§ **EXERCISE BRIEF**:
Every line with "units" in it should be copied from the data.
***
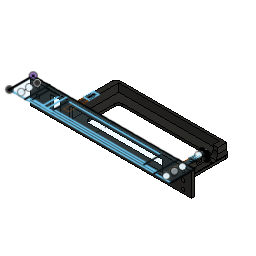
module_lanberg_dsp1-1008 (Autodesk Fusion 360 design; units mm, degrees)
Autodesk Fusion 360 part; units mm, degrees
sketch "Sketch1" plane through (0, 0, 0) normal (0, 0, 1) x (1, 0, 0)
  line L0 (0, 0) -> (200, 0) construction
  line L1 (200, 0) -> (200, -30)
  line L2 (200, -30) -> (0, -30) construction
  line L3 (0, -30) -> (0, 0)
  line L4 (0, 0) -> (0, -0.5) construction
  line L5 (0, -30) -> (0, -29.5) construction
  line L6 (0, -0.5) -> (200, -0.5)
  line L7 (200, -0.5) -> (200, -29.5)
  line L8 (200, -29.5) -> (0, -29.5)
  line L9 (0, -29.5) -> (0, -0.5)
  line L10 (0, 0) -> (20, 0) construction
  line L11 (20, 0) -> (20, -30)
  line L12 (20, -30) -> (0, -30) construction
  line L13 (0, -30) -> (0, 0) construction
  line L14 (200, 0) -> (180, 0) construction
  line L15 (180, 0) -> (180, -30)
  line L16 (180, -30) -> (200, -30) construction
  line L17 (200, -30) -> (200, 0) construction
  line L18 (100, 0) -> (100, -29.5) construction
  line L19 (10, 0) -> (10, -30) construction
  line L20 (10, 0) -> (10, -5) construction
  circle A0 centre (10, -5) radius 2.1
  circle A1 centre (10, -15) radius 2.1
  circle A2 centre (10, -25) radius 2.1
  circle A3 centre (190, -5) radius 2.1
  circle A4 centre (190, -15) radius 2.1
  circle A5 centre (190, -25) radius 2.1
  line L21 (180, -29.5) -> (20, -29.5) construction
  line L22 (20, -29.5) -> (20, -26.5) construction
  line L23 (20, -26.5) -> (180, -26.5)
  line L24 (180, -26.5) -> (180, -29.5) construction
  line L25 (180, -26.5) -> (164, -26.5)
  line L26 (49, -26.5) -> (38, -26.5)
  line L27 (38, -26.5) -> (38, -25.5)
  line L28 (20, 0) -> (20, -5)
  line L29 (20, -5) -> (25, -5)
  line L30 (38, -25.5) -> (25, -25.5)
  line L31 (25, -25.5) -> (25, -5)
  line L32 (25, -5) -> (38, -5)
  line L33 (38, -5) -> (38, -25.5)
  line L34 (164, -26.5) -> (164, -23.5)
  line L35 (164, -23.5) -> (49, -23.5)
  line L36 (49, -23.5) -> (49, -5.5)
  line L37 (49, -5.5) -> (164, -5.5)
  line L38 (164, -5.5) -> (164, -23.5)
  line L39 (49, -26.5) -> (43.5, -26.5)
  line L40 (43.5, -26.5) -> (43.5, 0)
  dimension "d1" = 200
  dimension "d2" = 30
  dimension "d3" = 0.5
  dimension "d4" = 0.5
  dimension "d5" = 200
  dimension "d6" = 20
  dimension "d7" = 20
  dimension "d8" = 30
  dimension "d10" = 4.2
  dimension "d13" = 0
  dimension "d14" = -20
  dimension "d15" = 160
  dimension "d16" = 3
  dimension "d17" = 16
  dimension "d18" = 115
  dimension "d20" = 11
  dimension "d21" = 1
  dimension "d22" = 5
  dimension "d23" = 5
  dimension "d24" = 3
  dimension "d25" = 115
  dimension "d26" = 18
  constraint horizontal L0
  constraint vertical L1
  constraint horizontal L2
  constraint vertical L3
  constraint coincident L0.start L3.end
  constraint perpendicular L0 L4
  constraint vertical L5
  constraint horizontal L6
  constraint vertical L7
  constraint horizontal L8
  constraint vertical L9
  constraint horizontal L10
  constraint vertical L11
  constraint horizontal L12
  constraint vertical L13
  constraint horizontal L14
  constraint vertical L15
  constraint horizontal L16
  constraint vertical L17
  constraint midpoint L0 L18.start
  constraint midpoint L8 L18.end
  constraint midpoint L10 L19.start
  constraint midpoint L12 L19.end
  constraint coincident L19 L20.end
  constraint coincident L20.end A0.centre
  constraint symmetric L18 A0 A3
  constraint symmetric L18 A1 A4
  constraint symmetric L18 A2 A5
  constraint horizontal L21
  constraint vertical L22
  constraint horizontal L23
  constraint vertical L24
  constraint coincident L8 L21.start
  constraint coincident L15 L21.start
  constraint perpendicular L15 L25
  constraint perpendicular L23 L27
  constraint perpendicular L0 L28
  constraint perpendicular L28 L29
  constraint horizontal L30
  constraint vertical L31
  constraint horizontal L32
  constraint vertical L33
  constraint perpendicular L23 L34
  constraint horizontal L35
  constraint vertical L36
  constraint horizontal L37
  constraint vertical L38
  constraint midpoint L26 L39.end
  constraint parallel L23 L39
  constraint coincident L0 L40.end
  constraint perpendicular L0 L40
  measures "d1" distance of L0.start L0.end
  measures "d2" distance of L0.start L2.end
  measures "d3" distance of L0.start L4.end
  measures "d4" distance of L2.end L5.end
  measures "d5" distance of L4.end L6.end
  measures "d6" distance of L0.start L10.end
  measures "d7" distance of L0.end L14.end
  measures "d8" distance of L0.end L1.end
  measures "d10" diameter of A0
  measures "d15" distance of L21.start L21.end
  measures "d16" distance of L21.start L23.end
  measures "d17" distance of L23.end L25.end
  measures "d18" distance of L25.end L26.start
  measures "d20" distance of L26.start L26.end
  measures "d21" distance of L26.end L27.end
  measures "d22" distance of L10.end L28.end
  measures "d23" distance of L28.end L29.end
  measures "d24" distance of L25.end L34.end
  measures "d25" distance of L34.end L35.end
  measures "d26" distance of L34.end L37.end
  measures "d77" distance of L0.start
extrude "Extrude1" add sketch "Sketch1" along normal blind 4 contours L1 L6 L7 L8 L15 | L6 L15 L23 L25 L26 L39 L40 | L8 L11 L15 L23 L25 L26 L39 | L6 L11 L23 L26 L27 L28 L29 L32 L33 L40 | L3 L6 L8 L9 L11 L28 | L11 L23 L27 L29 L30 L31 makes body 1
fillet "Fillet1" radius 2 4 edges at (25, -5, 2) (38, -5, 2) (38, -25.5, 2) (25, -25.5, 2) on bodies 1
fillet "Fillet2" radius 1 4 edges at (49, -23.5, 2) (49, -5.5, 2) (164, -5.5, 2) (164, -23.5, 2) on bodies 1
fillet "Fillet3" [suppressed]
fillet "Fillet4" [suppressed]
copy_body "Body->Comp1" bodies 1 removing the originals makes body 2 in component "lanberg_mount"
copy_body "Body->Comp1'" bodies 2 removing the originals makes body 3 in component "front"
extrude "Extrude1'" add sketch "Sketch1" against normal blind 65 contours L8 L11 L15 L23 L25 L26 L39 bodies 3 in component "front"
extrude "Extrude2" cut 1 faces at (180, -27.5, -21.6667) along direction (-1, 0, 0) blind 1 on bodies 3 bodies 3 in component "front"
extrude "Extrude3" cut 1 faces at (20, -27.5, -21.6667) along direction (1, 0, 0) blind 1 on bodies 3 bodies 3 in component "front"
sketch "Sketch3" plane through (0, -26.5, 0) normal (0, 1, 0) x (-1, 0, 0)
  line L0 (-21, -65) -> (-21, 0)
  line L1 (-21, 0) -> (-179, 0)
  line L2 (-179, 0) -> (-179, -65)
  line L3 (-179, -65) -> (-21, -65)
  line L4 (-164, 0) -> (-169, 0) construction
  line L5 (-169, 0) -> (-175, 0)
  line L6 (-169, 0) -> (-44, 0)
  line L7 (-44, 0) -> (-44, -62)
  line L8 (-44, -62) -> (-169, -62)
  line L9 (-169, -62) -> (-169, 0)
  line L10 (-169, -62) -> (-169, -54) construction
  line L11 (-169, -62) -> (-169, -40) construction
  line L12 (-175, 0) -> (-175, -65)
  line L13 (-169, -40) -> (-175, -40)
  line L14 (-175, -40) -> (-175, -54)
  line L15 (-175, -54) -> (-169, -54)
  line L16 (-169, -54) -> (-169, -40)
  line L17 (-44, -62) -> (-44, -65) construction
  line L18 (-44, -65) -> (-38, -65) construction
  line L19 (-38, -65) -> (-38, 0)
  dimension "d47" = 5
  dimension "d48" = 6
  dimension "d49" = 125
  dimension "d50" = 62
  dimension "d51" = 8
  dimension "d52" = 22
  dimension "d53" = 6
  constraint coincident L1 L4.start
  constraint parallel L1 L4
  constraint parallel L1 L5
  constraint horizontal L6
  constraint vertical L7
  constraint horizontal L8
  constraint vertical L9
  constraint perpendicular L8 L10
  constraint perpendicular L8 L11
  constraint coincident L3 L12.end
  constraint perpendicular L3 L12
  constraint horizontal L13
  constraint vertical L14
  constraint horizontal L15
  constraint vertical L16
  constraint coincident L12 L14.end
  constraint coincident L3 L17.end
  constraint perpendicular L8 L17
  constraint perpendicular L17 L18
  constraint coincident L1 L19.end
  constraint perpendicular L1 L19
  measures "d47" distance of L4.start L4.end
  measures "d48" distance of L4.end L5.end
  measures "d49" distance of L4.end L6.end
  measures "d50" distance of L4.end L8.end
  measures "d51" distance of L8.end L10.end
  measures "d52" distance of L8.end L11.end
  measures "d53" distance of L17.end L18.end
extrude "Extrude4" add sketch "Sketch3" along normal blind 10 contours L1 L3 L7 L8 L9 L12 L15 L19 | L1 L5 L9 L12 L13 bodies 3 in component "front"
fillet "Fillet1'" radius 5 2 edges at (172, -26.5, -40) (172, -26.5, -54) on bodies 3 in component "front"
sketch "Sketch4" plane through (0, 0, -16.5) normal (0, 0, 1) x (-1, 0, 0)
  line L0 (-169, 0) -> (-175, 0)
  line L1 (-175, 0) -> (-175, -40)
  line L2 (-175, -40) -> (-169, -40)
  line L3 (-169, -40) -> (-169, 0)
  line L4 (-175, 0) -> (-169, 0) construction
  line L5 (-169, 0) -> (-169, -25) construction
  line L6 (-169, -25) -> (-175, -25) construction
  line L7 (-175, -25) -> (-175, 0) construction
  line L8 (-44, 0) -> (-38, 0) construction
  line L9 (-38, 0) -> (-38, -25) construction
  line L10 (-38, -25) -> (-44, -25) construction
  line L11 (-44, -25) -> (-44, 0) construction
  line L12 (-44, -25) -> (-38, -25)
  line L13 (-38, -25) -> (-38, -37)
  line L14 (-38, -37) -> (-44, -37)
  line L15 (-44, -37) -> (-44, -25)
  line L16 (-175, -25) -> (-169, -25)
  line L17 (-169, -25) -> (-169, -37)
  line L18 (-169, -37) -> (-175, -37)
  line L19 (-175, -37) -> (-175, -25)
  line L20 (-169, -37) -> (-171, -37) construction
  line L21 (-171, -37) -> (-171, -25) construction
  line L22 (-171, -25) -> (-169, -25) construction
  line L23 (-169, -25) -> (-169, -37) construction
  line L24 (-171, -31) -> (-171, -34) construction
  line L25 (-171, -31) -> (-171, -28) construction
  line L26 (-171, -28) -> (-173, -28)
  line L27 (-173, -28) -> (-173, -34)
  line L28 (-173, -34) -> (-171, -34)
  line L29 (-171, -34) -> (-171, -28)
  dimension "d57" = 25
  dimension "d58" = 25
  dimension "d59" = 6
  dimension "d60" = 12
  dimension "d61" = 2
  dimension "d62" = 12
  dimension "d63" = 3
  dimension "d64" = 3
  dimension "d65" = 2
  constraint horizontal L4
  constraint vertical L5
  constraint horizontal L6
  constraint vertical L7
  constraint coincident L0.end L1.start
  constraint horizontal L8
  constraint vertical L9
  constraint horizontal L10
  constraint vertical L11
  constraint horizontal L12
  constraint vertical L13
  constraint horizontal L14
  constraint vertical L15
  constraint horizontal L16
  constraint vertical L17
  constraint horizontal L18
  constraint vertical L19
  constraint horizontal L20
  constraint vertical L21
  constraint horizontal L22
  constraint vertical L23
  constraint midpoint L21 L24.start
  constraint parallel L21 L24
  constraint parallel L21 L25
  constraint horizontal L26
  constraint vertical L27
  constraint horizontal L28
  constraint vertical L29
  measures "d57" distance of L0.end L6.end
  measures "d58" distance of L8.start L10.end
  measures "d59" distance of L10.end L9.end
  measures "d60" distance of L6.end L18.end
  measures "d61" distance of L17.end L20.end
  measures "d62" distance of L17.end L5.end
  measures "d63" distance of L24.start L24.end
  measures "d64" distance of L24.start L25.end
  measures "d65" distance of L25.end L26.end
sketch "Sketch5" plane through (0, 40, 0) normal (0, 1, 0) x (-1, 0, 0)
  line L0 (-175, -21.5) -> (-169, -21.5)
  line L1 (-169, -21.5) -> (-169, -16.5)
  line L2 (-169, -16.5) -> (-175, -16.5)
  line L3 (-175, -16.5) -> (-175, -21.5)
  line L4 (-169, -16.5) -> (-170, -16.5) construction
  line L5 (-170, -16.5) -> (-170, -21.5) construction
  line L6 (-170, -21.5) -> (-169, -21.5) construction
  line L7 (-169, -21.5) -> (-169, -16.5) construction
  line L8 (-170, -16.5) -> (-172.3466, -16.5) construction
  line L9 (-170, -16.5) -> (-175, -21.5)
  line L10 (-172.3466, -16.5) -> (-175, -19)
  dimension "d66" = 1
  constraint horizontal L4
  constraint vertical L5
  constraint horizontal L6
  constraint vertical L7
  constraint coincident L1.end L2.start
  constraint coincident L2 L8.end
  constraint perpendicular L5 L8
  constraint coincident L0.start L3.end
  constraint midpoint L3 L10.end
  measures "d66" distance of L1.end L4.end
extrude "Extrude2'" add sketch "Sketch5" along normal blind -6 and the other way blind 12 separate body contours L2 L3 L9 L10 makes body 4
ref_plane "WorkPlane1" through (106.5, 20, -21.5) normal (-1, 0, 0) x (0, -1, 0)
mirror "Mirror1" about plane through (106.5, 20, -21.5) normal (-1, 0, 0) of bodies 4 makes body 5
combine "Combine1" operation cut target body 3 tool bodies 4 5 body 4 seen with x (1, 0, 0) y (0, 0, -1) z (0, 1, 0) at (0, 0, 0) body 5 seen with x (1, 0, 0) y (0, 0, -1) z (0, 1, 0) at (0, 0, 0) keep tools in component "front"
copy_body "Body->Comp2" bodies 4 removing the originals makes body 6 in component "Cutter"
copy_body "CutPasteBodies1" bodies 5 removing the originals makes body 7 in component "Cutter"
fillet "Fillet2'" radius 3 2 edges at (175, -26.5, -57) (175, -26.5, -22.5) on bodies 3 in component "front"
fillet "Fillet3'" radius 15 2 edges at (172, -16.5, 0) (41, -16.5, 0) on bodies 3 in component "front"
sketch "Sketch6" plane through (0, 0, -26.5) normal (0, 0, 1) x (-1, 0, 0)
  line L0 (-38, 0) -> (-38, -65)
  line L1 (-38, -65) -> (-21, -65)
  line L2 (-21, -65) -> (-21, 0)
  line L3 (-21, 0) -> (-38, 0)
  line L4 (-38, -65) -> (-21, 0)
  constraint coincident L0.end L1.start
  constraint coincident L2.end L3.start
extrude "Extrude5" cut sketch "Sketch6" against normal blind 20 contours L1 L2 L4 sketch seen with x (1, 0, 0) y (0, 0, -1) z (0, 1, 0) at (0, 0, 0) bodies 3 in component "front"
sketch "Sketch7" plane through (0, 0, -16.5) normal (0, 0, 1) x (-1, 0, 0)
  line L0 (-169, -15) -> (-175, -15)
  line L1 (-175, -15) -> (-175, -40)
  line L2 (-175, -40) -> (-169, -40)
  line L3 (-169, -40) -> (-169, -15)
  line L4 (-170, -34) -> (-172.3466, -34)
  line L5 (-172.3466, -34) -> (-172.3466, -28)
  line L6 (-172.3466, -28) -> (-170, -28)
  line L7 (-170, -28) -> (-170, -34)
  line L8 (-175, -40) -> (-172.3466, -40)
  line L9 (-172.3466, -40) -> (-172.3466, -22)
  line L10 (-172.3466, -22) -> (-175, -22)
  line L11 (-175, -22) -> (-175, -40)
  dimension "d77" = 18
  constraint horizontal L8
  constraint vertical L9
  constraint horizontal L10
  constraint vertical L11
  constraint coincident L1.end L2.start
  measures "d77" distance of L1.end L10.end
sketch "Sketch8" plane through (0, 0, -26.5) normal (0, 0, 1) x (-1, 0, 0)
  line L0 (-178, -45) -> (-178, 0)
  line L1 (-178, 0) -> (-179, 0)
  line L2 (-179, 0) -> (-179, -65)
  line L3 (-179, -65) -> (-178, -65)
  line L4 (-178, -65) -> (-178, -49)
  line L5 (-178, -49) -> (-169, -49)
  line L6 (-169, -49) -> (-169, -62)
  line L7 (-169, -62) -> (-44, -62)
  line L8 (-44, -62) -> (-44, 0)
  line L9 (-44, 0) -> (-169, 0)
  line L10 (-169, 0) -> (-169, -45)
  line L11 (-169, -45) -> (-178, -45)
  line L12 (-44, 0) -> (-169, 0) construction
  line L13 (-169, 0) -> (-169, -62) construction
  line L14 (-169, -62) -> (-44, -62) construction
  line L15 (-44, -62) -> (-44, 0) construction
  line L16 (-54, -10) -> (-159, -10)
  line L17 (-159, -10) -> (-159, -52)
  line L18 (-159, -52) -> (-54, -52)
  line L19 (-54, -52) -> (-54, -10)
  dimension "d78" = -10
  constraint horizontal L12
  constraint vertical L13
  constraint horizontal L14
  constraint vertical L15
  constraint coincident L6.end L7.start
  constraint coincident L8.end L9.start
extrude "Extrude6" cut sketch "Sketch8" against normal blind 100 contours L16 L17 L18 L19 sketch seen with x (1, 0, 0) y (0, 0, -1) z (0, 1, 0) at (0, 0, 0) bodies 3 in component "front"
fillet "Fillet4'" radius 5 4 edges at (159, -28, -10) (54, -28, -10) (54, -28, -52) (159, -28, -52) on bodies 3 in component "front"
fillet "Fillet5" radius 5 1 edges at (179, -28, -65) on bodies 3 in component "front"
fillet "Fillet6" radius 5 2 edges at (38, -21.5, -65) (38, -28, -65) on bodies 3 in component "front"
component "lanberg_mount" placed x (1, 0, 0) y (0, 0, 1) z (0, -1, 0) at (0, 0, 0)
component "Cutter" placed x (1, 0, 0) y (0, 1, 0) z (0, 0, 1) at (0, 0, 0)
component "front" placed x (1, 0, 0) y (0, 1, 0) z (0, 0, 1) at (0, 0, 0) in component "lanberg_mount"
equation "d17 = 5 mm + ridge_width + 5 mm"
equation "d18 = 125 mm - ( 5 * 2 ) * 1 mm"
equation "d20 = 5 mm + ridge_width"
equation "d25 = 125 mm - ( 5 * 2 ) * 1 mm"
equation "d33 = -62 mm - 3 mm"
equation "ridge_width = 6 mm"
equation "d48 = ridge_width"
equation "d53 = ridge_width"
equation "d71 = ( 125 / 2 ) * 1 mm"
equation "d77 = 15 mm + 3 mm"
***
§ **SOLUTION FOR THIS PROBLEM**:
module_lanberg_dsp1-1008 (Autodesk Fusion 360 design; units mm, degrees)
Autodesk Fusion 360 part; units mm, degrees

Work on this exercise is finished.